◆ What needs to be done: Where a record contains a picture, omit the picture and repeat the rest exactly.
#####
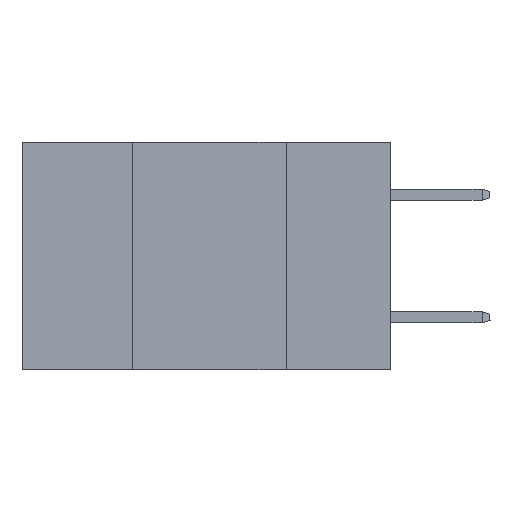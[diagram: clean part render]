
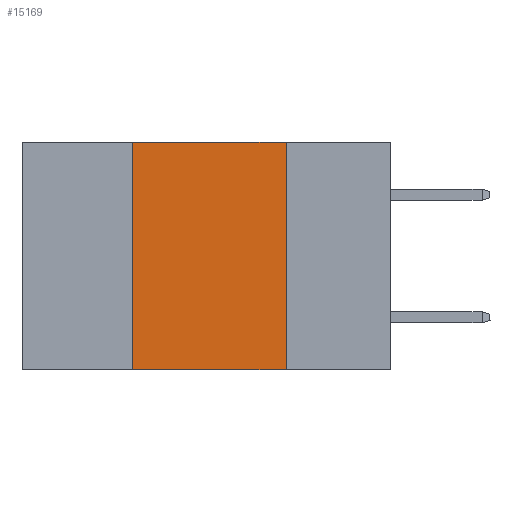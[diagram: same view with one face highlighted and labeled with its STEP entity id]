
A CAD part, left-side view. The second image highlights one B-rep face of the part: STEP entity #15169.
In plain terms, the highlighted planar face has unit normal (-1, 0, 0).
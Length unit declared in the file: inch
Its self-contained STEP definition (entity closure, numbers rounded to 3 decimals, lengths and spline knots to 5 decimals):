
#53 = CARTESIAN_POINT ( 'NONE',  ( 0., 0.17, 0. ) ) ;
#844 = LINE ( 'NONE', #4330, #14350 ) ;
#1804 = CARTESIAN_POINT ( 'NONE',  ( 0., 0.42, 0. ) ) ;
#1828 = EDGE_LOOP ( 'NONE', ( #6203, #3625, #13547, #8020 ) ) ;
#2708 = DIRECTION ( 'NONE',  ( 1., 0., 0. ) ) ;
#3625 = ORIENTED_EDGE ( 'NONE', *, *, #5683, .F. ) ;
#4321 = LINE ( 'NONE', #14917, #17677 ) ;
#4330 = CARTESIAN_POINT ( 'NONE',  ( 0., 0.6, 0. ) ) ;
#4672 = LINE ( 'NONE', #16906, #17992 ) ;
#5467 = VECTOR ( 'NONE', #21864, 39.37008 ) ;
#5683 = EDGE_CURVE ( 'NONE', #10487, #14849, #844, .T. ) ;
#6203 = ORIENTED_EDGE ( 'NONE', *, *, #11314, .F. ) ;
#6272 = CARTESIAN_POINT ( 'NONE',  ( 0., 0.17, -0.37 ) ) ;
#7739 = EDGE_CURVE ( 'NONE', #11243, #13860, #4672, .T. ) ;
#8020 = ORIENTED_EDGE ( 'NONE', *, *, #7739, .T. ) ;
#8922 = EDGE_CURVE ( 'NONE', #11243, #10487, #4321, .T. ) ;
#9781 = CARTESIAN_POINT ( 'NONE',  ( 0., 0.6, 0. ) ) ;
#10487 = VERTEX_POINT ( 'NONE', #1804 ) ;
#10592 = AXIS2_PLACEMENT_3D ( 'NONE', #9781, #2708, #14951 ) ;
#11243 = VERTEX_POINT ( 'NONE', #19991 ) ;
#11314 = EDGE_CURVE ( 'NONE', #14849, #13860, #19810, .T. ) ;
#13547 = ORIENTED_EDGE ( 'NONE', *, *, #8922, .F. ) ;
#13860 = VERTEX_POINT ( 'NONE', #6272 ) ;
#14350 = VECTOR ( 'NONE', #14816, 39.37008 ) ;
#14816 = DIRECTION ( 'NONE',  ( 0., -1., 0. ) ) ;
#14849 = VERTEX_POINT ( 'NONE', #53 ) ;
#14874 = PLANE ( 'NONE',  #10592 ) ;
#14917 = CARTESIAN_POINT ( 'NONE',  ( 0., 0.42, 0. ) ) ;
#14951 = DIRECTION ( 'NONE',  ( 0., 0., -1. ) ) ;
#15169 = ADVANCED_FACE ( 'NONE', ( #21027 ), #14874, .F. ) ;
#16636 = DIRECTION ( 'NONE',  ( 0., 0., 1. ) ) ;
#16906 = CARTESIAN_POINT ( 'NONE',  ( 0., 0.6, -0.37 ) ) ;
#17677 = VECTOR ( 'NONE', #16636, 39.37008 ) ;
#17992 = VECTOR ( 'NONE', #22082, 39.37008 ) ;
#18398 = CARTESIAN_POINT ( 'NONE',  ( 0., 0.17, 0. ) ) ;
#19810 = LINE ( 'NONE', #18398, #5467 ) ;
#19991 = CARTESIAN_POINT ( 'NONE',  ( 0., 0.42, -0.37 ) ) ;
#21027 = FACE_OUTER_BOUND ( 'NONE', #1828, .T. ) ;
#21864 = DIRECTION ( 'NONE',  ( 0., 0., -1. ) ) ;
#22082 = DIRECTION ( 'NONE',  ( 0., -1., 0. ) ) ;
#####
◆ Result of this task:
[diagram: clean part render]
[diagram: same view with one face highlighted and labeled with its STEP entity id]
A CAD part, left-side view. The second image highlights one B-rep face of the part: STEP entity #15169.
In plain terms, the highlighted planar face has unit normal (-1, 0, 0).
Length unit declared in the file: inch
Its self-contained STEP definition (entity closure, numbers rounded to 3 decimals, lengths and spline knots to 5 decimals):
#53 = CARTESIAN_POINT ( 'NONE',  ( 0., 0.17, 0. ) ) ;
#844 = LINE ( 'NONE', #4330, #14350 ) ;
#1804 = CARTESIAN_POINT ( 'NONE',  ( 0., 0.42, 0. ) ) ;
#1828 = EDGE_LOOP ( 'NONE', ( #6203, #3625, #13547, #8020 ) ) ;
#2708 = DIRECTION ( 'NONE',  ( 1., 0., 0. ) ) ;
#3625 = ORIENTED_EDGE ( 'NONE', *, *, #5683, .F. ) ;
#4321 = LINE ( 'NONE', #14917, #17677 ) ;
#4330 = CARTESIAN_POINT ( 'NONE',  ( 0., 0.6, 0. ) ) ;
#4672 = LINE ( 'NONE', #16906, #17992 ) ;
#5467 = VECTOR ( 'NONE', #21864, 39.37008 ) ;
#5683 = EDGE_CURVE ( 'NONE', #10487, #14849, #844, .T. ) ;
#6203 = ORIENTED_EDGE ( 'NONE', *, *, #11314, .F. ) ;
#6272 = CARTESIAN_POINT ( 'NONE',  ( 0., 0.17, -0.37 ) ) ;
#7739 = EDGE_CURVE ( 'NONE', #11243, #13860, #4672, .T. ) ;
#8020 = ORIENTED_EDGE ( 'NONE', *, *, #7739, .T. ) ;
#8922 = EDGE_CURVE ( 'NONE', #11243, #10487, #4321, .T. ) ;
#9781 = CARTESIAN_POINT ( 'NONE',  ( 0., 0.6, 0. ) ) ;
#10487 = VERTEX_POINT ( 'NONE', #1804 ) ;
#10592 = AXIS2_PLACEMENT_3D ( 'NONE', #9781, #2708, #14951 ) ;
#11243 = VERTEX_POINT ( 'NONE', #19991 ) ;
#11314 = EDGE_CURVE ( 'NONE', #14849, #13860, #19810, .T. ) ;
#13547 = ORIENTED_EDGE ( 'NONE', *, *, #8922, .F. ) ;
#13860 = VERTEX_POINT ( 'NONE', #6272 ) ;
#14350 = VECTOR ( 'NONE', #14816, 39.37008 ) ;
#14816 = DIRECTION ( 'NONE',  ( 0., -1., 0. ) ) ;
#14849 = VERTEX_POINT ( 'NONE', #53 ) ;
#14874 = PLANE ( 'NONE',  #10592 ) ;
#14917 = CARTESIAN_POINT ( 'NONE',  ( 0., 0.42, 0. ) ) ;
#14951 = DIRECTION ( 'NONE',  ( 0., 0., -1. ) ) ;
#15169 = ADVANCED_FACE ( 'NONE', ( #21027 ), #14874, .F. ) ;
#16636 = DIRECTION ( 'NONE',  ( 0., 0., 1. ) ) ;
#16906 = CARTESIAN_POINT ( 'NONE',  ( 0., 0.6, -0.37 ) ) ;
#17677 = VECTOR ( 'NONE', #16636, 39.37008 ) ;
#17992 = VECTOR ( 'NONE', #22082, 39.37008 ) ;
#18398 = CARTESIAN_POINT ( 'NONE',  ( 0., 0.17, 0. ) ) ;
#19810 = LINE ( 'NONE', #18398, #5467 ) ;
#19991 = CARTESIAN_POINT ( 'NONE',  ( 0., 0.42, -0.37 ) ) ;
#21027 = FACE_OUTER_BOUND ( 'NONE', #1828, .T. ) ;
#21864 = DIRECTION ( 'NONE',  ( 0., 0., -1. ) ) ;
#22082 = DIRECTION ( 'NONE',  ( 0., -1., 0. ) ) ;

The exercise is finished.